Pre-tax profits rose by 51% to £2.96 (2007: £1.96m) and basic earnings per share increased by 42% to 17.71p, benefiting from a lower tax rate (2007: 12.43p).
Net assets at 30th April 2008 stood at £31.8m, up from £26.83m last year, a rise of 18.5%.
DIVIDEND
The Board continues to pursue a progressive dividend policy and is pleased to declare an interim dividend of 2.00p per share, representing a 6.7% increase on last year (2007: 1.875p). The interim dividend will be paid on 31 October 2008 to shareholders on the register on 3 October 2008. A scrip dividend alternative will be available.
REVIEW OF OPERATIONS
AGRICULTURE
Feed Products
Demand for feed during the period has been strong, with the key issue being the management of rapidly increasing raw material costs. Our decision to purchase ingredients early gained us significant new business. This was especially evident in the dairy sector, where feed volumes grew by 48%, helped by increased milk prices which are giving confidence to producers. Sheep feed sales declined, despite strong demand in April due to inclement weather. However, this partly reflected our policy to build a more balanced feed business throughout the year by encouraging dairy tonnage, where there is a more even pattern of demand. Sales of blended feeds were adversely affected by more favourable pricing for compound feeds. However, we believe this will reverse itself in the second half of the year and we have capacity in our plants to meet anticipated demand.
We increased sales of poultry feeds, particularly to our free range egg producing group, which continues to expand its producer base and gain market share for its high quality speciality eggs. We anticipate that demand for more welfare-friendly, free range egg production systems will continue to increase at the expense of the less acceptable battery cage systems and this will generate increased demand for our specialist poultry feed.
Our raw material trading business grew its volumes considerably and managed a very volatile pricing period with great skill. The management of the raw material book was a key factor in enabling us to maintain our competitive position in the dairy feed market.
Arable Products
Fertiliser sales were extremely strong in the first quarter as farmers sought to buy ahead of escalating prices. However, much of the growth tailed off at the end of the first half due to further rapid price increases. Our Glasson fertiliser business benefited from greater demand and from having a long purchase book for fertiliser raw materials ahead of the season. We now have the dual benefit of being both a major distributor for GrowHow, the largest producer of fertiliser in the United Kingdom, and operating our own production facility. This is helpful as strong world demand for fertiliser has led to a tight supply situation in the UK. With tightening supply, margins have also improved.
The ongoing favourable conditions for arable farmers will underpin future demand for fertiliser although we expect livestock producers to reduce their usage wherever possible.
There was a good demand for spring cereal seeds following on from excellent autumn sales. Our production sold out early in the season and we are very optimistic for the important autumn market as demand for cereal crops remains strong.

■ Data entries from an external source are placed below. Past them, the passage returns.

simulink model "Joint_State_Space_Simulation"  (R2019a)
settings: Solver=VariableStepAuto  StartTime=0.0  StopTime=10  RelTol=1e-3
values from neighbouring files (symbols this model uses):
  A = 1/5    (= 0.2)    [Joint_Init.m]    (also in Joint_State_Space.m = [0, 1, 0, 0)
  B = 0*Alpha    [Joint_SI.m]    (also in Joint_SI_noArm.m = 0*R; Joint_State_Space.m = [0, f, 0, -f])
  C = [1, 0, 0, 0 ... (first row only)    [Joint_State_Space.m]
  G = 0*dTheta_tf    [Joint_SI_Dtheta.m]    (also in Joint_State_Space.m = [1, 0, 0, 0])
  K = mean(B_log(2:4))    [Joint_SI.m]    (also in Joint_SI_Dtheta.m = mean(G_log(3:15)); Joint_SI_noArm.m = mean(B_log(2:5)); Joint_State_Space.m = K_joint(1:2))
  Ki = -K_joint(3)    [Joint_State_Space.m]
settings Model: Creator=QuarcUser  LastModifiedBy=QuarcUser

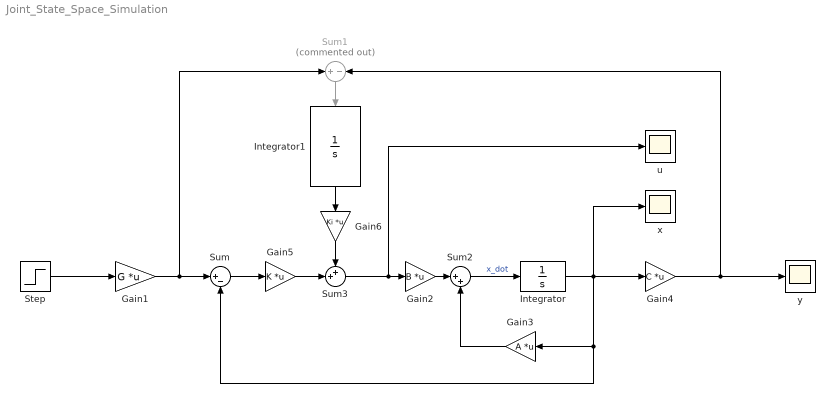
== system Joint_State_Space_Simulation ==
  Gain1 : Gain  Gain=G  Multiplication=Matrix(K*u)
  Gain2 : Gain  Gain=B  Multiplication=Matrix(K*u)
  Gain3 : Gain  Gain=A  Multiplication=Matrix(K*u)
  Gain4 : Gain  Gain=C  Multiplication=Matrix(K*u)
  Gain5 : Gain  Gain=K  Multiplication=Matrix(K*u)
  Gain6 : Gain  Gain=Ki  Multiplication=Matrix(K*u)
  Integrator : Integrator  InitialCondition=[0;0]
  Integrator1 : Integrator  InitialCondition=[0;0]
  Step : Step  SampleTime=.002
  Sum : Sum  Inputs=|+-
  Sum1 : Sum  Commented=on  Inputs=+-
  Sum2 : Sum  Inputs=|++
  Sum3 : Sum  Inputs=++|
  u : Scope
  x : Scope
  y : Scope
  wires:
  Sum/1 -> Gain5/1
  Gain2/1 -> Sum2/1
  Sum2/1 -> Integrator/1  "x_dot"
  Gain3/1 -> Sum2/2
  Sum1/1 -> Integrator1/1
  Gain4/1 -> y/1, Sum1/2
  Integrator1/1 -> Gain6/1
  Integrator/1 -> Sum/2, Gain3/1, x/1, Gain4/1
  Gain1/1 -> Sum1/1, Sum/1
  Step/1 -> Gain1/1
  Sum3/1 -> u/1, Gain2/1
  Gain5/1 -> Sum3/2
  Gain6/1 -> Sum3/1

Shropshire Grain traded well in the period, increasing volumes and managing price volatility to maximum effect. Wheat prices have begun to fall and this is an indication that some of the speculative element is now leaving the market. Shropshire Grain benefits from long term contracts with major processors and we expect a successful second half.
RETAIL
Country Stores
Sales from our network of traditional Country Stores grew by 29.5%, boosted by the acquisitions we made during the latter half of the last financial year. On a like-for-like basis, sales increased by 13.5%. Sales were particularly strong in animal health care products, equine and pet products, where we have been gaining market share, helped by our acquisition policy. Early in the first half, we added three further stores with the acquisition of Wrekin Country Stores and J Hatton Agriculture. These acquisitions enhance our presence in our existing geographic markets, especially within the important livestock area of Lancashire. The opening of a new store at Llansantffraid in December 2007, which also incorporates a Spar convenience outlet, has been very successful and the store exceeded its budgeted performance.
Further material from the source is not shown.